Very Long-Chain Acyl-CoA Dehydrogenase Deficiency
What Your Test Results Mean:
Carriers typically show no symptoms of VLCAD deficiency; however, carriers are at an increased risk of having a child with VLCAD deficiency. Risk for the current or future pregnancies is dependent on your partner’s carrier status. Carrier testing of your partner is recommended in addition to consultation with a genetic counselor.
Disease Explained:
VLCAD deficiency is an inherited disorder that prevents the body from converting certain fats to energy, particularly during fasting periods. Pathogenic variants in the ACADVL gene result in a build up of very long-chain fatty acids. Symptoms of VLCAD deficiency usually appear during infancy or early childhood and can include low blood sugar, lack of energy, and muscle weakness. Serious complications include liver abnormalities and life-threatening heart problems. The later the symptoms first develop, the milder the disorder. Affected individuals exhibit the most problems during periods of fasting, illness, and exercise.

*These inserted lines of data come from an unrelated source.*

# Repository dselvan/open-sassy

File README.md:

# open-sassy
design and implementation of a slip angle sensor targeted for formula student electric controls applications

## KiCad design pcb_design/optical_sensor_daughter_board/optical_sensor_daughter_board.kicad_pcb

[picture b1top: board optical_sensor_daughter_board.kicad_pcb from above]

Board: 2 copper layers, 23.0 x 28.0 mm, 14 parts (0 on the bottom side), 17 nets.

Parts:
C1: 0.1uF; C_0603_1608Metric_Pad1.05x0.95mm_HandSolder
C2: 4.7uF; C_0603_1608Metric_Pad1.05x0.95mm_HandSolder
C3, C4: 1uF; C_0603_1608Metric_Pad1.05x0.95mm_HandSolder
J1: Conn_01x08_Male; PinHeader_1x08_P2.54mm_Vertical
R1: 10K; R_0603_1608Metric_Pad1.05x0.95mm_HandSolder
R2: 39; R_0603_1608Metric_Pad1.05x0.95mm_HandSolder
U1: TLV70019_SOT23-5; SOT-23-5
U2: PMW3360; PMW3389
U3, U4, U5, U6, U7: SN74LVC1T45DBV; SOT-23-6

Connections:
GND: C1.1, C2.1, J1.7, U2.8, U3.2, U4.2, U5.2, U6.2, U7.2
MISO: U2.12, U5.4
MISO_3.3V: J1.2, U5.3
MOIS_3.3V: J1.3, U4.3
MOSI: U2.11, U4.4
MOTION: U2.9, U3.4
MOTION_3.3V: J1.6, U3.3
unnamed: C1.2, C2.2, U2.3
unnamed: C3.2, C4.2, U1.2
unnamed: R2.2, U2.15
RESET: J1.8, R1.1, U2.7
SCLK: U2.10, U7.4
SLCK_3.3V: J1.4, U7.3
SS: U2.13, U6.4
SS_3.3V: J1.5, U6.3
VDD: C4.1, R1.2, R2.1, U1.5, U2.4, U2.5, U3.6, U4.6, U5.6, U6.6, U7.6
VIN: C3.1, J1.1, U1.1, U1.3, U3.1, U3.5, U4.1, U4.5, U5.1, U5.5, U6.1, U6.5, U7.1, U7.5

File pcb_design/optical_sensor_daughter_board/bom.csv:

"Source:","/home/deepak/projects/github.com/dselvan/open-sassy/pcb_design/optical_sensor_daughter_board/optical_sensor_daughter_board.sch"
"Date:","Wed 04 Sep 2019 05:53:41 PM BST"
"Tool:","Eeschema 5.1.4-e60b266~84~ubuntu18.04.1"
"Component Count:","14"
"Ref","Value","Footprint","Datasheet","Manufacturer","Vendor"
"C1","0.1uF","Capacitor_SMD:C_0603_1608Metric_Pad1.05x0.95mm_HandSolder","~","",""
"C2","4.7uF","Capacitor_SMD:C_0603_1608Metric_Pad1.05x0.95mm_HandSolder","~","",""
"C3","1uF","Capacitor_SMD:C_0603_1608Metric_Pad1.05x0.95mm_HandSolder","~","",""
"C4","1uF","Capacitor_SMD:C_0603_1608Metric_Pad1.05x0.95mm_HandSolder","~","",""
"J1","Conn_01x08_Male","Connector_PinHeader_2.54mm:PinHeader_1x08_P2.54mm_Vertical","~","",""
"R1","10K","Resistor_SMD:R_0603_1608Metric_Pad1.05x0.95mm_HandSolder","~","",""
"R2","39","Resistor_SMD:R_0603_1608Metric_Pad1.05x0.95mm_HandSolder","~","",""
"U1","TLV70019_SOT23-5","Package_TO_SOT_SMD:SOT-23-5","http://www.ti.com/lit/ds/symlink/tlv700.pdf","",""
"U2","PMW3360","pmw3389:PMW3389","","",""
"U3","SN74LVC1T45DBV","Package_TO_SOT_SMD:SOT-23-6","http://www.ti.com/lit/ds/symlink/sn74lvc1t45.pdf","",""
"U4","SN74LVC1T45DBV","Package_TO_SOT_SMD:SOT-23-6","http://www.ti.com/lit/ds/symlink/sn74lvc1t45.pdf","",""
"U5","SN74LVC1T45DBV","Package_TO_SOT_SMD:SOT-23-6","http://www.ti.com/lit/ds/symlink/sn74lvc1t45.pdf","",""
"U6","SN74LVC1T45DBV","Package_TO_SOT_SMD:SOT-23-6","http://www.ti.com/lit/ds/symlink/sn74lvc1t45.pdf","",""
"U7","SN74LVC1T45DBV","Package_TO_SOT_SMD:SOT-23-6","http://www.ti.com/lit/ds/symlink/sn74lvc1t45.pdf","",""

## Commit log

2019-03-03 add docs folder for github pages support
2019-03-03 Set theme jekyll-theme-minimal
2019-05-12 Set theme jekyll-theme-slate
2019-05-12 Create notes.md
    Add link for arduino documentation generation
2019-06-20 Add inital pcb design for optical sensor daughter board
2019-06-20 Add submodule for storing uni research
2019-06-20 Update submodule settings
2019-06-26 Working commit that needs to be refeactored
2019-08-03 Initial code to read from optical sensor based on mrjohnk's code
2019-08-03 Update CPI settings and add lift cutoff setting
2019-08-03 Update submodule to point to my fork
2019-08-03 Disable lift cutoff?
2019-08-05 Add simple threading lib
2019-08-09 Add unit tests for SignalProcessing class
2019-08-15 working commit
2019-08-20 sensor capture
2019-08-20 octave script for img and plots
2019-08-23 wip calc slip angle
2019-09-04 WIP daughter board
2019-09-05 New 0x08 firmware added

VLCAD deficiency is usually not fatal as long as it is diagnosed early. Treatment is usually required throughout life for those affected with VLCAD deficiency. Affected individuals should avoid going a long time without food in order to prevent a metabolic crisis. Management is overseen by a group of metabolic specialists.
How the Genetics Works:
VLCAD deficiency is an autosomal recessive metabolic disorder caused by pathogenic variants in the ACADVL gene. All individuals have two copies of the ACADVL gene. Carriers of VLCAD deficiency have a variant in one copy of the ACADVL gene while individuals with VLCAD deficiency have variants in both copies of ACADVL, one inherited from each parent. Risk for two carriers to have a child with the disorder is 25%.